There's a key scene in Spike Lee's 25th Hour, when a 17-year-old high school student played by Anna Paquin glides dreamily through a nightclub on her way to seducing her awkwardly bookish English teacher, played by Philip Seymour Hoffman. Paquin is standing on the same dolly as the camera, which frames her from the chest up, so she maintains a fixed distance from the camera as the furniture and the people in the club move around her. She seems to float. As she moves, the ambient light on her face changes with her surroundings, highlighting the surreal motion—if she were walking, the camera wouldn't remain at her perfect eye level through the entire shot, and the distance between her and the camera would change slightly as she took each step. Lee is a big fan of this kind of shot (he includes one in just about all of his films) and uses the actor-on-dolly technique again as the scene winds down. The next time, Hoffman stands on the dolly staring up at the camera, looking seasick and bemused as the camera moves with him away from the bathroom where he has just clumsily kissed his student. As he glides through space with the camera, Hoffman stands still, holding the same facial expression and not moving his body at all. The shot produces a similarly surreal effect as Paquin's earlier dolly appearance but with much darker emotional overtones.

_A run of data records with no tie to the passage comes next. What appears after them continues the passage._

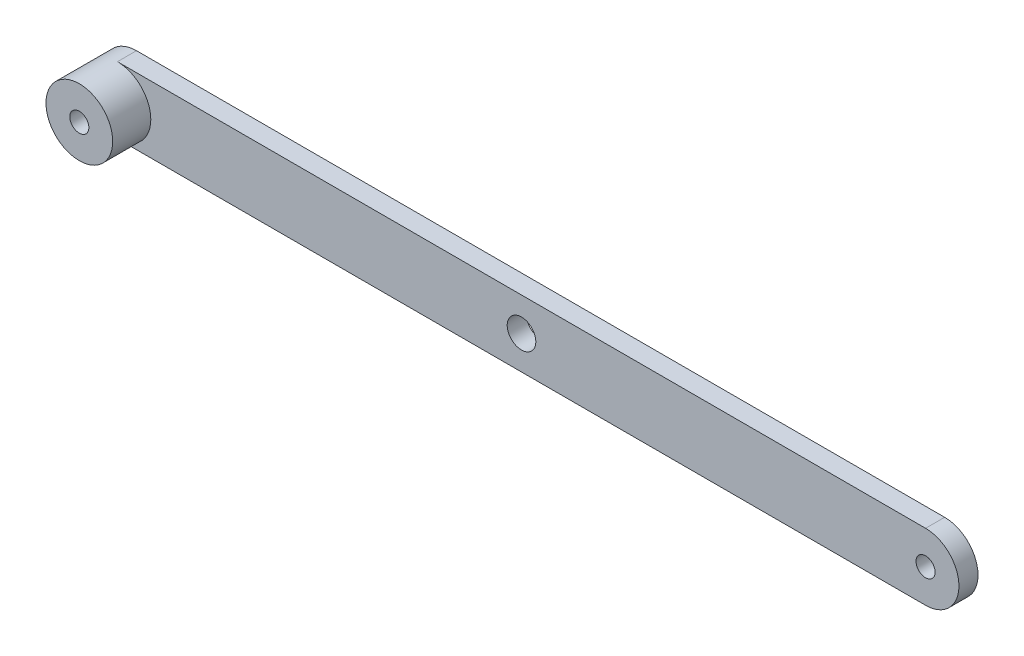
ISO-10303-21;
HEADER;
FILE_DESCRIPTION(('STEP AP214'),'2;1');
FILE_NAME('part.step','',(''),(''),'','','');
FILE_SCHEMA(('AUTOMOTIVE_DESIGN { 1 0 10303 214 1 1 1 1 }'));
ENDSEC;
DATA;
#1=APPLICATION_CONTEXT('core data for automotive mechanical design processes');
#2=APPLICATION_PROTOCOL_DEFINITION('international standard','automotive_design',2000,#1);
#3=PRODUCT_CONTEXT('',#1,'mechanical');
#4=PRODUCT('Part','Part','',(#3));
#5=PRODUCT_RELATED_PRODUCT_CATEGORY('part','',(#4));
#6=PRODUCT_DEFINITION_FORMATION('','',#4);
#7=PRODUCT_DEFINITION_CONTEXT('part definition',#1,'design');
#8=PRODUCT_DEFINITION('design','',#6,#7);
#9=PRODUCT_DEFINITION_SHAPE('','',#8);
#10=(LENGTH_UNIT() NAMED_UNIT(*) SI_UNIT(.MILLI.,.METRE.));
#11=(NAMED_UNIT(*) PLANE_ANGLE_UNIT() SI_UNIT($,.RADIAN.));
#12=(NAMED_UNIT(*) SI_UNIT($,.STERADIAN.) SOLID_ANGLE_UNIT());
#13=UNCERTAINTY_MEASURE_WITH_UNIT(LENGTH_MEASURE(1.E-05),#10,'distance_accuracy_value','');
#14=(GEOMETRIC_REPRESENTATION_CONTEXT(3) GLOBAL_UNCERTAINTY_ASSIGNED_CONTEXT((#13)) GLOBAL_UNIT_ASSIGNED_CONTEXT((#10,
#11,#12)) REPRESENTATION_CONTEXT('',''));
#15=CARTESIAN_POINT('',(0.,0.,0.));
#16=DIRECTION('',(0.,0.,1.));
#17=DIRECTION('',(1.,0.,0.));
#18=AXIS2_PLACEMENT_3D('',#15,#16,#17);
#19=CARTESIAN_POINT('',(-212.,0.,10.));
#20=DIRECTION('',(0.,0.,1.));
#21=DIRECTION('',(1.,0.,0.));
#22=AXIS2_PLACEMENT_3D('',#19,#20,#21);
#23=PLANE('',#22);
#24=CARTESIAN_POINT('',(-212.,0.,10.));
#25=DIRECTION('',(0.,0.,1.));
#26=DIRECTION('',(1.,0.,0.));
#27=AXIS2_PLACEMENT_3D('',#24,#25,#26);
#28=CIRCLE('',#27,17.5);
#29=CARTESIAN_POINT('',(-212.,-17.5,10.));
#30=VERTEX_POINT('',#29);
#31=CARTESIAN_POINT('',(-212.,17.5,10.));
#32=VERTEX_POINT('',#31);
#33=EDGE_CURVE('E11',#30,#32,#28,.T.);
#34=ORIENTED_EDGE('',*,*,#33,.F.);
#35=DIRECTION('',(1.,0.,0.));
#36=VECTOR('',#35,1.);
#37=CARTESIAN_POINT('',(-212.,-17.5,10.));
#38=LINE('',#37,#36);
#39=CARTESIAN_POINT('',(212.,-17.5,10.));
#40=VERTEX_POINT('',#39);
#41=EDGE_CURVE('E113',#30,#40,#38,.T.);
#42=ORIENTED_EDGE('',*,*,#41,.T.);
#43=CARTESIAN_POINT('',(212.,0.,10.));
#44=DIRECTION('',(0.,0.,1.));
#45=DIRECTION('',(1.,0.,0.));
#46=AXIS2_PLACEMENT_3D('',#43,#44,#45);
#47=CIRCLE('',#46,17.5);
#48=CARTESIAN_POINT('',(212.,17.5,10.));
#49=VERTEX_POINT('',#48);
#50=EDGE_CURVE('E58',#40,#49,#47,.T.);
#51=ORIENTED_EDGE('',*,*,#50,.T.);
#52=DIRECTION('',(-1.,0.,0.));
#53=VECTOR('',#52,1.);
#54=CARTESIAN_POINT('',(-212.,17.5,10.));
#55=LINE('',#54,#53);
#56=EDGE_CURVE('E89',#49,#32,#55,.T.);
#57=ORIENTED_EDGE('',*,*,#56,.T.);
#58=EDGE_LOOP('',(#34,#42,#51,#57));
#59=FACE_BOUND('',#58,.T.);
#60=CARTESIAN_POINT('',(212.,0.,10.));
#61=DIRECTION('',(0.,0.,1.));
#62=DIRECTION('',(1.,0.,0.));
#63=AXIS2_PLACEMENT_3D('',#60,#61,#62);
#64=CIRCLE('',#63,5.00000000000002);
#65=CARTESIAN_POINT('',(217.,0.,10.));
#66=VERTEX_POINT('',#65);
#67=EDGE_CURVE('E129',#66,#66,#64,.T.);
#68=ORIENTED_EDGE('',*,*,#67,.F.);
#69=EDGE_LOOP('',(#68));
#70=FACE_BOUND('',#69,.T.);
#71=CARTESIAN_POINT('',(0.,0.,10.));
#72=DIRECTION('',(0.,0.,1.));
#73=DIRECTION('',(1.,0.,0.));
#74=AXIS2_PLACEMENT_3D('',#71,#72,#73);
#75=CIRCLE('',#74,7.5);
#76=CARTESIAN_POINT('',(7.5,0.,10.));
#77=VERTEX_POINT('',#76);
#78=EDGE_CURVE('E134',#77,#77,#75,.T.);
#79=ORIENTED_EDGE('',*,*,#78,.F.);
#80=EDGE_LOOP('',(#79));
#81=FACE_BOUND('',#80,.T.);
#82=ADVANCED_FACE('F39',(#59,#70,#81),#23,.T.);
#83=CARTESIAN_POINT('',(-212.,0.,0.));
#84=DIRECTION('',(0.,0.,1.));
#85=DIRECTION('',(1.,0.,0.));
#86=AXIS2_PLACEMENT_3D('',#83,#84,#85);
#87=PLANE('',#86);
#88=CARTESIAN_POINT('',(-212.,0.,0.));
#89=DIRECTION('',(0.,0.,1.));
#90=DIRECTION('',(1.,0.,0.));
#91=AXIS2_PLACEMENT_3D('',#88,#89,#90);
#92=CIRCLE('',#91,17.5);
#93=CARTESIAN_POINT('',(-212.,17.5,0.));
#94=VERTEX_POINT('',#93);
#95=CARTESIAN_POINT('',(-212.,-17.5,0.));
#96=VERTEX_POINT('',#95);
#97=EDGE_CURVE('E102',#94,#96,#92,.T.);
#98=ORIENTED_EDGE('',*,*,#97,.F.);
#99=DIRECTION('',(-1.,0.,0.));
#100=VECTOR('',#99,1.);
#101=CARTESIAN_POINT('',(-212.,17.5,0.));
#102=LINE('',#101,#100);
#103=CARTESIAN_POINT('',(212.,17.5,0.));
#104=VERTEX_POINT('',#103);
#105=EDGE_CURVE('E81',#104,#94,#102,.T.);
#106=ORIENTED_EDGE('',*,*,#105,.F.);
#107=CARTESIAN_POINT('',(212.,0.,0.));
#108=DIRECTION('',(0.,0.,1.));
#109=DIRECTION('',(1.,0.,0.));
#110=AXIS2_PLACEMENT_3D('',#107,#108,#109);
#111=CIRCLE('',#110,17.5);
#112=CARTESIAN_POINT('',(212.,-17.5,0.));
#113=VERTEX_POINT('',#112);
#114=EDGE_CURVE('E75',#113,#104,#111,.T.);
#115=ORIENTED_EDGE('',*,*,#114,.F.);
#116=DIRECTION('',(1.,0.,0.));
#117=VECTOR('',#116,1.);
#118=CARTESIAN_POINT('',(-212.,-17.5,0.));
#119=LINE('',#118,#117);
#120=EDGE_CURVE('E116',#96,#113,#119,.T.);
#121=ORIENTED_EDGE('',*,*,#120,.F.);
#122=EDGE_LOOP('',(#98,#106,#115,#121));
#123=FACE_BOUND('',#122,.T.);
#124=CARTESIAN_POINT('',(-212.,0.,0.));
#125=DIRECTION('',(0.,0.,1.));
#126=DIRECTION('',(1.,0.,0.));
#127=AXIS2_PLACEMENT_3D('',#124,#125,#126);
#128=CIRCLE('',#127,5.00000000000002);
#129=CARTESIAN_POINT('',(-207.,0.,0.));
#130=VERTEX_POINT('',#129);
#131=EDGE_CURVE('E120',#130,#130,#128,.T.);
#132=ORIENTED_EDGE('',*,*,#131,.T.);
#133=EDGE_LOOP('',(#132));
#134=FACE_BOUND('',#133,.T.);
#135=CARTESIAN_POINT('',(212.,0.,0.));
#136=DIRECTION('',(0.,0.,1.));
#137=DIRECTION('',(1.,0.,0.));
#138=AXIS2_PLACEMENT_3D('',#135,#136,#137);
#139=CIRCLE('',#138,5.00000000000002);
#140=CARTESIAN_POINT('',(217.,0.,0.));
#141=VERTEX_POINT('',#140);
#142=EDGE_CURVE('E130',#141,#141,#139,.T.);
#143=ORIENTED_EDGE('',*,*,#142,.T.);
#144=EDGE_LOOP('',(#143));
#145=FACE_BOUND('',#144,.T.);
#146=CARTESIAN_POINT('',(0.,0.,0.));
#147=DIRECTION('',(0.,0.,1.));
#148=DIRECTION('',(1.,0.,0.));
#149=AXIS2_PLACEMENT_3D('',#146,#147,#148);
#150=CIRCLE('',#149,7.5);
#151=CARTESIAN_POINT('',(7.5,0.,0.));
#152=VERTEX_POINT('',#151);
#153=EDGE_CURVE('E138',#152,#152,#150,.T.);
#154=ORIENTED_EDGE('',*,*,#153,.T.);
#155=EDGE_LOOP('',(#154));
#156=FACE_BOUND('',#155,.T.);
#157=ADVANCED_FACE('F168',(#123,#134,#145,#156),#87,.F.);
#158=CARTESIAN_POINT('',(-212.,0.,10.));
#159=DIRECTION('',(0.,0.,-1.));
#160=DIRECTION('',(-1.,0.,0.));
#161=AXIS2_PLACEMENT_3D('',#158,#159,#160);
#162=CYLINDRICAL_SURFACE('',#161,17.5);
#163=ORIENTED_EDGE('',*,*,#97,.T.);
#164=DIRECTION('',(0.,0.,-1.));
#165=VECTOR('',#164,1.);
#166=CARTESIAN_POINT('',(-212.,-17.5,10.));
#167=LINE('',#166,#165);
#168=EDGE_CURVE('E43',#30,#96,#167,.T.);
#169=ORIENTED_EDGE('',*,*,#168,.F.);
#170=ORIENTED_EDGE('',*,*,#33,.T.);
#171=DIRECTION('',(0.,0.,-1.));
#172=VECTOR('',#171,1.);
#173=CARTESIAN_POINT('',(-212.,17.5,10.));
#174=LINE('',#173,#172);
#175=EDGE_CURVE('E87',#32,#94,#174,.T.);
#176=ORIENTED_EDGE('',*,*,#175,.T.);
#177=EDGE_LOOP('',(#163,#169,#170,#176));
#178=FACE_BOUND('',#177,.T.);
#179=CARTESIAN_POINT('',(-212.,0.,30.));
#180=DIRECTION('',(0.,0.,1.));
#181=DIRECTION('',(1.,0.,0.));
#182=AXIS2_PLACEMENT_3D('',#179,#180,#181);
#183=CIRCLE('',#182,17.5);
#184=CARTESIAN_POINT('',(-194.5,0.,30.));
#185=VERTEX_POINT('',#184);
#186=EDGE_CURVE('E142',#185,#185,#183,.T.);
#187=ORIENTED_EDGE('',*,*,#186,.F.);
#188=EDGE_LOOP('',(#187));
#189=FACE_BOUND('',#188,.T.);
#190=ADVANCED_FACE('F41',(#178,#189),#162,.T.);
#191=CARTESIAN_POINT('',(-212.,-17.5,10.));
#192=DIRECTION('',(0.,1.,0.));
#193=DIRECTION('',(0.,0.,1.));
#194=AXIS2_PLACEMENT_3D('',#191,#192,#193);
#195=PLANE('',#194);
#196=ORIENTED_EDGE('',*,*,#120,.T.);
#197=DIRECTION('',(0.,0.,-1.));
#198=VECTOR('',#197,1.);
#199=CARTESIAN_POINT('',(212.,-17.5,10.));
#200=LINE('',#199,#198);
#201=EDGE_CURVE('E105',#40,#113,#200,.T.);
#202=ORIENTED_EDGE('',*,*,#201,.F.);
#203=ORIENTED_EDGE('',*,*,#41,.F.);
#204=ORIENTED_EDGE('',*,*,#168,.T.);
#205=EDGE_LOOP('',(#196,#202,#203,#204));
#206=FACE_BOUND('',#205,.T.);
#207=ADVANCED_FACE('F182',(#206),#195,.F.);
#208=CARTESIAN_POINT('',(212.,0.,10.));
#209=DIRECTION('',(0.,0.,-1.));
#210=DIRECTION('',(-1.,0.,0.));
#211=AXIS2_PLACEMENT_3D('',#208,#209,#210);
#212=CYLINDRICAL_SURFACE('',#211,17.5);
#213=ORIENTED_EDGE('',*,*,#114,.T.);
#214=DIRECTION('',(0.,0.,-1.));
#215=VECTOR('',#214,1.);
#216=CARTESIAN_POINT('',(212.,17.5,10.));
#217=LINE('',#216,#215);
#218=EDGE_CURVE('E94',#49,#104,#217,.T.);
#219=ORIENTED_EDGE('',*,*,#218,.F.);
#220=ORIENTED_EDGE('',*,*,#50,.F.);
#221=ORIENTED_EDGE('',*,*,#201,.T.);
#222=EDGE_LOOP('',(#213,#219,#220,#221));
#223=FACE_BOUND('',#222,.T.);
#224=ADVANCED_FACE('F180',(#223),#212,.T.);
#225=CARTESIAN_POINT('',(-212.,17.5,10.));
#226=DIRECTION('',(0.,-1.,0.));
#227=DIRECTION('',(0.,0.,-1.));
#228=AXIS2_PLACEMENT_3D('',#225,#226,#227);
#229=PLANE('',#228);
#230=ORIENTED_EDGE('',*,*,#105,.T.);
#231=ORIENTED_EDGE('',*,*,#175,.F.);
#232=ORIENTED_EDGE('',*,*,#56,.F.);
#233=ORIENTED_EDGE('',*,*,#218,.T.);
#234=EDGE_LOOP('',(#230,#231,#232,#233));
#235=FACE_BOUND('',#234,.T.);
#236=ADVANCED_FACE('F88',(#235),#229,.F.);
#237=CARTESIAN_POINT('',(-212.,0.,10.));
#238=DIRECTION('',(0.,0.,-1.));
#239=DIRECTION('',(-1.,0.,0.));
#240=AXIS2_PLACEMENT_3D('',#237,#238,#239);
#241=CYLINDRICAL_SURFACE('',#240,5.00000000000002);
#242=ORIENTED_EDGE('',*,*,#131,.F.);
#243=EDGE_LOOP('',(#242));
#244=FACE_BOUND('',#243,.T.);
#245=CARTESIAN_POINT('',(-212.,0.,30.));
#246=DIRECTION('',(0.,0.,1.));
#247=DIRECTION('',(1.,0.,0.));
#248=AXIS2_PLACEMENT_3D('',#245,#246,#247);
#249=CIRCLE('',#248,4.99999999999999);
#250=CARTESIAN_POINT('',(-207.,0.,30.));
#251=VERTEX_POINT('',#250);
#252=EDGE_CURVE('E149',#251,#251,#249,.T.);
#253=ORIENTED_EDGE('',*,*,#252,.T.);
#254=EDGE_LOOP('',(#253));
#255=FACE_BOUND('',#254,.T.);
#256=ADVANCED_FACE('F154',(#244,#255),#241,.F.);
#257=CARTESIAN_POINT('',(212.,0.,10.));
#258=DIRECTION('',(0.,0.,-1.));
#259=DIRECTION('',(-1.,0.,0.));
#260=AXIS2_PLACEMENT_3D('',#257,#258,#259);
#261=CYLINDRICAL_SURFACE('',#260,5.00000000000002);
#262=ORIENTED_EDGE('',*,*,#67,.T.);
#263=EDGE_LOOP('',(#262));
#264=FACE_BOUND('',#263,.T.);
#265=ORIENTED_EDGE('',*,*,#142,.F.);
#266=EDGE_LOOP('',(#265));
#267=FACE_BOUND('',#266,.T.);
#268=ADVANCED_FACE('F164',(#264,#267),#261,.F.);
#269=CARTESIAN_POINT('',(0.,0.,10.));
#270=DIRECTION('',(0.,0.,-1.));
#271=DIRECTION('',(-1.,0.,0.));
#272=AXIS2_PLACEMENT_3D('',#269,#270,#271);
#273=CYLINDRICAL_SURFACE('',#272,7.5);
#274=ORIENTED_EDGE('',*,*,#78,.T.);
#275=EDGE_LOOP('',(#274));
#276=FACE_BOUND('',#275,.T.);
#277=ORIENTED_EDGE('',*,*,#153,.F.);
#278=EDGE_LOOP('',(#277));
#279=FACE_BOUND('',#278,.T.);
#280=ADVANCED_FACE('F158',(#276,#279),#273,.F.);
#281=CARTESIAN_POINT('',(-212.,0.,30.));
#282=DIRECTION('',(0.,0.,1.));
#283=DIRECTION('',(1.,0.,0.));
#284=AXIS2_PLACEMENT_3D('',#281,#282,#283);
#285=PLANE('',#284);
#286=ORIENTED_EDGE('',*,*,#186,.T.);
#287=EDGE_LOOP('',(#286));
#288=FACE_BOUND('',#287,.T.);
#289=ORIENTED_EDGE('',*,*,#252,.F.);
#290=EDGE_LOOP('',(#289));
#291=FACE_BOUND('',#290,.T.);
#292=ADVANCED_FACE('F156',(#288,#291),#285,.T.);
#293=CLOSED_SHELL('',(#82,#157,#190,#207,#224,#236,#256,#268,#280,#292));
#294=MANIFOLD_SOLID_BREP('B2',#293);
#295=ADVANCED_BREP_SHAPE_REPRESENTATION('',(#18,#294),#14);
#296=SHAPE_DEFINITION_REPRESENTATION(#9,#295);
ENDSEC;
END-ISO-10303-21;

Martin Scorsese uses similar dolly techniques in his films, careening through a bar with a drunken Robert DeNiro in Mean Streets, and using a point-of-view dolly shot in Goodfellas to introduce the audience to the extended family of mobsters as Ray Liotta narrates. Lee and Scorsese use these techniques to draw the audience in and make people feel like they're part of the action they're watching onscreen. In Goodfellas, the mobsters all look slightly off camera as they say hello to Liotta's character, Henry Hill. The audience sees the action, and viewers feel as if they were walking through the bar along side Liotta, living the story firsthand.
Using shots like these doesn't in itself make you the next Spike Lee or Martin Scorsese (their work also contains a fair amount of cinematic genius, not to mention tight writing, and stellar actors), but thinking about camera work is a great way to define the visual feel of your film.
Lee and Scorsese are also both masters of using audio to tell a story. Their films make exceptional use of sound as a tool to move a story forward and engage an audience. You can do the same thing. The next chapter of this book explores the history of audio recording in film and video and introduces various audio production concepts available to you as a filmmaker. Chapter 8 examines ways you can use audio
equipment to make sure your film sounds as good as you want it to.